**** RECORDS
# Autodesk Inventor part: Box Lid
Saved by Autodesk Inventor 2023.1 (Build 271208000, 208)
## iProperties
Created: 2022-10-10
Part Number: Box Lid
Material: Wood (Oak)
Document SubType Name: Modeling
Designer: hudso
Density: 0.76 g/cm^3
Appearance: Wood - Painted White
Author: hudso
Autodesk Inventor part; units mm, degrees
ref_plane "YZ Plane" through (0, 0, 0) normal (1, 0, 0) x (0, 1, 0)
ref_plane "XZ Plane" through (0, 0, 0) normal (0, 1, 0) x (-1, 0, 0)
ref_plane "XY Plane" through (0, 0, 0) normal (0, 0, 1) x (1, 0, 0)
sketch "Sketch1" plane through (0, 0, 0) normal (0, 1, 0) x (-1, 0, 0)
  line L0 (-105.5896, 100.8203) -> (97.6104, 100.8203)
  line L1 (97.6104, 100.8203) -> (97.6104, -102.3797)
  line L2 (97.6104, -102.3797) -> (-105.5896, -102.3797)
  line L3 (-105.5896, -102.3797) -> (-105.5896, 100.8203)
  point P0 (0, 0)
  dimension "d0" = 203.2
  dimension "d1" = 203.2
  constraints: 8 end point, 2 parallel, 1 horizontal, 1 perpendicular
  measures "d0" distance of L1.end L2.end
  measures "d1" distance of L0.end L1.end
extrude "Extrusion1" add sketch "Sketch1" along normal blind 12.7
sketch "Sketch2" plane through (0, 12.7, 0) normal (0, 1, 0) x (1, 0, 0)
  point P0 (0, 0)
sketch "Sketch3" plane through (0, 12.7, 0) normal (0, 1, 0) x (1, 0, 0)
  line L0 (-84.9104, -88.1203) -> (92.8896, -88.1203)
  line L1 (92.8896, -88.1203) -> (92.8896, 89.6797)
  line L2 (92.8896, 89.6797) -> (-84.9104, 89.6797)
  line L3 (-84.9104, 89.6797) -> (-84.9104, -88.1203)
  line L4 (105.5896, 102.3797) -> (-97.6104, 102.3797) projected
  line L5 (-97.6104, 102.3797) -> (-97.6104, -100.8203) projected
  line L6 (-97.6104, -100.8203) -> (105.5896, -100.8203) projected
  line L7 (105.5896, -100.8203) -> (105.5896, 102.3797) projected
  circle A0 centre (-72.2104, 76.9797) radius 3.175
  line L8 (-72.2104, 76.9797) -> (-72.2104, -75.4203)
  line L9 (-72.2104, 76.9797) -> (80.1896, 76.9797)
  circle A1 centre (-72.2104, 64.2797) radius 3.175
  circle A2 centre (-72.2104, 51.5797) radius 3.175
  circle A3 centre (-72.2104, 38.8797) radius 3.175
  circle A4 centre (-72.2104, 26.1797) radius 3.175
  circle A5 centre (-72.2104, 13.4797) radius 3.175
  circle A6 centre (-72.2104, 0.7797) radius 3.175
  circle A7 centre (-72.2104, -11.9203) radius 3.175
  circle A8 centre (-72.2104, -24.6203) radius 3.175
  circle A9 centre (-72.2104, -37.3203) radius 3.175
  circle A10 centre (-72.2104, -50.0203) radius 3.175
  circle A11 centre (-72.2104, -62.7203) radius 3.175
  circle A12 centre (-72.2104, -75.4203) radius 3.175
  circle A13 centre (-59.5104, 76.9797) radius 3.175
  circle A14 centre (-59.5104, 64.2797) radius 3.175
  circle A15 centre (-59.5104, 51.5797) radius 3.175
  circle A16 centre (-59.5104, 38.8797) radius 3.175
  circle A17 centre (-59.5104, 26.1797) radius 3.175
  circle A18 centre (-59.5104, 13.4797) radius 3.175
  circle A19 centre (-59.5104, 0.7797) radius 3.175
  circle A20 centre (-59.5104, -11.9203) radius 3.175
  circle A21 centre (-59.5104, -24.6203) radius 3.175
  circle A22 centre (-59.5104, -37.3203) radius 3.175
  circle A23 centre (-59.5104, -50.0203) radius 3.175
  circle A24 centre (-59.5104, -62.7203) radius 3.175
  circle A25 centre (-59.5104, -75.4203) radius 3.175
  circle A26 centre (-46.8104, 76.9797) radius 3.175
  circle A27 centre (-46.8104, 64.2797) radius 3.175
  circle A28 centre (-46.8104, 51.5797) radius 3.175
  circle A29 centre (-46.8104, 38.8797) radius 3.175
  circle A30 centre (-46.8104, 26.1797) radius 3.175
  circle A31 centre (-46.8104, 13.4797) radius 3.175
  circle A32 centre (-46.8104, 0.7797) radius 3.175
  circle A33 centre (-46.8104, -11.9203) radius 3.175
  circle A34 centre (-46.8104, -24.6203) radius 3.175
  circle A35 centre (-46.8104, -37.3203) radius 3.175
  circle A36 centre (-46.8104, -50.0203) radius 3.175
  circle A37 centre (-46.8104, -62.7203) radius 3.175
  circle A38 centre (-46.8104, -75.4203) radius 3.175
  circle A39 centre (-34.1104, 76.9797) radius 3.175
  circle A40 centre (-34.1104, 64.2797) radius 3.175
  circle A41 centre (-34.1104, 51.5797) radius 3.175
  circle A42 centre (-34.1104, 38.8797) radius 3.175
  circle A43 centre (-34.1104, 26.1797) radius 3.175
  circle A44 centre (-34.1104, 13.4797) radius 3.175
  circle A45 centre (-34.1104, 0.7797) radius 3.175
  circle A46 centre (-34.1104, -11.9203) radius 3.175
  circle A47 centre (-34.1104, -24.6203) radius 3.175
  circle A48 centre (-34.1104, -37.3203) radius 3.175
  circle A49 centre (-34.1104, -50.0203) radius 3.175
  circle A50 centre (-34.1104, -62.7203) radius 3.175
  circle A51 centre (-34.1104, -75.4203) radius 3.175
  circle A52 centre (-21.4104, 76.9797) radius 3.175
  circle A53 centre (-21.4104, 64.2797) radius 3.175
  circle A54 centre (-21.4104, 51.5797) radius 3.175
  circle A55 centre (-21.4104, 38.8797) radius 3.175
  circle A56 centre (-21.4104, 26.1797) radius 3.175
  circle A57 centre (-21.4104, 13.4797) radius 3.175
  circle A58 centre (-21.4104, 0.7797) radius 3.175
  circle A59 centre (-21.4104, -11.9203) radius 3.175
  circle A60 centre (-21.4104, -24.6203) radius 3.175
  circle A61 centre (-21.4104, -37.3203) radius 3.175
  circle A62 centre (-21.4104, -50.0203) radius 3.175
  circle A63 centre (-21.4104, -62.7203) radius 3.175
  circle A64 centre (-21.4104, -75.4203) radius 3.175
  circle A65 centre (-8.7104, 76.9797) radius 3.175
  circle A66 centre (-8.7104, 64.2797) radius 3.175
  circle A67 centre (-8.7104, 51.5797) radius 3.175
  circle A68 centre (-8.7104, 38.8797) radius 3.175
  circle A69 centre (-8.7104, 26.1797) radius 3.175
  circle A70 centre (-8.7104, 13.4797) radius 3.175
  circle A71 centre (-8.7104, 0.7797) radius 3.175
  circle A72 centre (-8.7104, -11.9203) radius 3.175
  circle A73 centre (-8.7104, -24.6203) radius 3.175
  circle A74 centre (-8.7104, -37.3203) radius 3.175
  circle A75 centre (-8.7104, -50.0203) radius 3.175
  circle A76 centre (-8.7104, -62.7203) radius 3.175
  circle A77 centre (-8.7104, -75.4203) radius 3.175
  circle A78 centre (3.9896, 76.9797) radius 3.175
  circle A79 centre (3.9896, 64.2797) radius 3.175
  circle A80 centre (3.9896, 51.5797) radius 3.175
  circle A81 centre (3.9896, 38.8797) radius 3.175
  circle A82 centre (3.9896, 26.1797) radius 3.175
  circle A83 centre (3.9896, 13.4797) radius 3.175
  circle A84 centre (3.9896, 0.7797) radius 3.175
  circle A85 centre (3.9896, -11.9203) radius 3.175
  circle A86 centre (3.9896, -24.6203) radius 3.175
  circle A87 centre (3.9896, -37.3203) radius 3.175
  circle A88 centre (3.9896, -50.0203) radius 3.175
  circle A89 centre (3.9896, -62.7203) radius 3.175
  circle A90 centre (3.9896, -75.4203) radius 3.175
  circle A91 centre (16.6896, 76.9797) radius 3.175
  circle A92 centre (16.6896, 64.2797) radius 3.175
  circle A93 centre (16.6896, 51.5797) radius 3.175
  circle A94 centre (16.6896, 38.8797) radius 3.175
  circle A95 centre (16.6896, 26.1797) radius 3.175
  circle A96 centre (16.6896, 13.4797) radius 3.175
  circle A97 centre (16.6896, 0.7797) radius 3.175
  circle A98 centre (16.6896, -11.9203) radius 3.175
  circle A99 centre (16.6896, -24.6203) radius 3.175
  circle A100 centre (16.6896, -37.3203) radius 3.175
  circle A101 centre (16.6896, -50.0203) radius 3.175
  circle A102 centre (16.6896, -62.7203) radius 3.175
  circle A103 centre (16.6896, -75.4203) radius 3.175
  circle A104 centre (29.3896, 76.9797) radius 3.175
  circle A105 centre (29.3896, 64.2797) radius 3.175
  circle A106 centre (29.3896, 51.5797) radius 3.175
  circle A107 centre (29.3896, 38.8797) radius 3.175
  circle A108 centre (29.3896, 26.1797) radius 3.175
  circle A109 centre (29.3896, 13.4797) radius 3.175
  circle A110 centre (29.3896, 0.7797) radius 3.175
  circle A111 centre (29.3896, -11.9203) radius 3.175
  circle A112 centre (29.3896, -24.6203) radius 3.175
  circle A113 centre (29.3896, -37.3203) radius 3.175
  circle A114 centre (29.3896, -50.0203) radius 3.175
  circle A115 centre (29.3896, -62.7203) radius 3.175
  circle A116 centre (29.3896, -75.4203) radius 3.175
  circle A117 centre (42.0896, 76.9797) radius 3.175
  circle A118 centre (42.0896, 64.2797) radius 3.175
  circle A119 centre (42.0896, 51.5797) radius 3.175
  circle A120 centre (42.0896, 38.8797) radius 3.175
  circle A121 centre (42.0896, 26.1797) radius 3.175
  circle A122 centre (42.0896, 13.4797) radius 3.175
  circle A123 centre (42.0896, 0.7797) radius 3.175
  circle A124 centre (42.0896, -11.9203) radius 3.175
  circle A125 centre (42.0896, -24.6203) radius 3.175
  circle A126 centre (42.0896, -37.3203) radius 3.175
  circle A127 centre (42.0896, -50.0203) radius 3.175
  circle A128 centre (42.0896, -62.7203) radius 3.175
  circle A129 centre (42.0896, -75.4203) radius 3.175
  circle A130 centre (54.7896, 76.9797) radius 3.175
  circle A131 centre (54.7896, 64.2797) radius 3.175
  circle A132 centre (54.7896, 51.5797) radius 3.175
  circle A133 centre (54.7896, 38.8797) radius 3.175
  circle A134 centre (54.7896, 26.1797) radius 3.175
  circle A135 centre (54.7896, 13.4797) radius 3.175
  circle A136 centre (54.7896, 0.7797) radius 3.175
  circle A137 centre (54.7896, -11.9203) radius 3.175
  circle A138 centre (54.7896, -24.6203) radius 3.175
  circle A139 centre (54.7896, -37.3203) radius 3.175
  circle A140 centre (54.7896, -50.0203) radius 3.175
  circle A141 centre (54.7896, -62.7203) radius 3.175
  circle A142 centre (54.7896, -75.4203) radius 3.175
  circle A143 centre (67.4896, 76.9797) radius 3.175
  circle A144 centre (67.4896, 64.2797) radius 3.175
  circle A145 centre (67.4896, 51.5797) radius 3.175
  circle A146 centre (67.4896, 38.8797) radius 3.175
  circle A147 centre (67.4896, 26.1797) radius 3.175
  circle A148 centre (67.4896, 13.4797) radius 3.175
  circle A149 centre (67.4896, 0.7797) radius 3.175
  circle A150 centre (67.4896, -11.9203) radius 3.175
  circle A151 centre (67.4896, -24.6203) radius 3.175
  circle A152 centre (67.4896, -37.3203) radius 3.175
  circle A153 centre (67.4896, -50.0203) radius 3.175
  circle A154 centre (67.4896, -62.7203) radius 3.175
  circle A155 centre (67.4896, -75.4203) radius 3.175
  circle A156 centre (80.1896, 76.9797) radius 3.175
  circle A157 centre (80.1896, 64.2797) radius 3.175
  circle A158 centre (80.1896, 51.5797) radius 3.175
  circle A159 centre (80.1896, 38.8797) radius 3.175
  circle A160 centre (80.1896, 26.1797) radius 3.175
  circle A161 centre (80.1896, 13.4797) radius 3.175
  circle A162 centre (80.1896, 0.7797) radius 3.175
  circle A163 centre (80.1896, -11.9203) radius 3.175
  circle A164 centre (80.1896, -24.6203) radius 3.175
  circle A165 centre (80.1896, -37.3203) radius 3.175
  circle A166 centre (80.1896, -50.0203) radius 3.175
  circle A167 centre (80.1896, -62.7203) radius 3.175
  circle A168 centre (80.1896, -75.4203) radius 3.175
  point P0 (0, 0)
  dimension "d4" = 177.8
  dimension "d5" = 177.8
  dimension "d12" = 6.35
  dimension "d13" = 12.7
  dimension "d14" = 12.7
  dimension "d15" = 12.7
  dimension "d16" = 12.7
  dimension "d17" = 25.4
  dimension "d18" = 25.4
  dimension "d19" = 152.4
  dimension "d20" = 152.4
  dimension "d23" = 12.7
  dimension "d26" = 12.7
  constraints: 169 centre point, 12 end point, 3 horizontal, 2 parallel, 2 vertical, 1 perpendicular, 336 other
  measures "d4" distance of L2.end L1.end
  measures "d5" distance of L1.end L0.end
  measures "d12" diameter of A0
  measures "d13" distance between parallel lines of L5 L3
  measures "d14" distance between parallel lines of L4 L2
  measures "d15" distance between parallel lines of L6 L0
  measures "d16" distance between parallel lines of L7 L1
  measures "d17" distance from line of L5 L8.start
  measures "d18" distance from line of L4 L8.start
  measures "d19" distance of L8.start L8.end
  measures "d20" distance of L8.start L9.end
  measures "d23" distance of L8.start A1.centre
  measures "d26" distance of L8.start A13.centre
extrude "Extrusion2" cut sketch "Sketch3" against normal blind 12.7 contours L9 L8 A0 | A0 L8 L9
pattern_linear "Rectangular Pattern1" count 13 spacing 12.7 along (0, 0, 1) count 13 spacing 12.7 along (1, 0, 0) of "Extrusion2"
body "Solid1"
********
With the line that has "circle A33 centre" as the first and the line that has "circle A70 centre" as the last, repeat exactly that run of lines above and no more.

## RESPONSE FOR THIS EXERCISE
  circle A33 centre (-46.8104, -11.9203) radius 3.175
  circle A34 centre (-46.8104, -24.6203) radius 3.175
  circle A35 centre (-46.8104, -37.3203) radius 3.175
  circle A36 centre (-46.8104, -50.0203) radius 3.175
  circle A37 centre (-46.8104, -62.7203) radius 3.175
  circle A38 centre (-46.8104, -75.4203) radius 3.175
  circle A39 centre (-34.1104, 76.9797) radius 3.175
  circle A40 centre (-34.1104, 64.2797) radius 3.175
  circle A41 centre (-34.1104, 51.5797) radius 3.175
  circle A42 centre (-34.1104, 38.8797) radius 3.175
  circle A43 centre (-34.1104, 26.1797) radius 3.175
  circle A44 centre (-34.1104, 13.4797) radius 3.175
  circle A45 centre (-34.1104, 0.7797) radius 3.175
  circle A46 centre (-34.1104, -11.9203) radius 3.175
  circle A47 centre (-34.1104, -24.6203) radius 3.175
  circle A48 centre (-34.1104, -37.3203) radius 3.175
  circle A49 centre (-34.1104, -50.0203) radius 3.175
  circle A50 centre (-34.1104, -62.7203) radius 3.175
  circle A51 centre (-34.1104, -75.4203) radius 3.175
  circle A52 centre (-21.4104, 76.9797) radius 3.175
  circle A53 centre (-21.4104, 64.2797) radius 3.175
  circle A54 centre (-21.4104, 51.5797) radius 3.175
  circle A55 centre (-21.4104, 38.8797) radius 3.175
  circle A56 centre (-21.4104, 26.1797) radius 3.175
  circle A57 centre (-21.4104, 13.4797) radius 3.175
  circle A58 centre (-21.4104, 0.7797) radius 3.175
  circle A59 centre (-21.4104, -11.9203) radius 3.175
  circle A60 centre (-21.4104, -24.6203) radius 3.175
  circle A61 centre (-21.4104, -37.3203) radius 3.175
  circle A62 centre (-21.4104, -50.0203) radius 3.175
  circle A63 centre (-21.4104, -62.7203) radius 3.175
  circle A64 centre (-21.4104, -75.4203) radius 3.175
  circle A65 centre (-8.7104, 76.9797) radius 3.175
  circle A66 centre (-8.7104, 64.2797) radius 3.175
  circle A67 centre (-8.7104, 51.5797) radius 3.175
  circle A68 centre (-8.7104, 38.8797) radius 3.175
  circle A69 centre (-8.7104, 26.1797) radius 3.175
  circle A70 centre (-8.7104, 13.4797) radius 3.175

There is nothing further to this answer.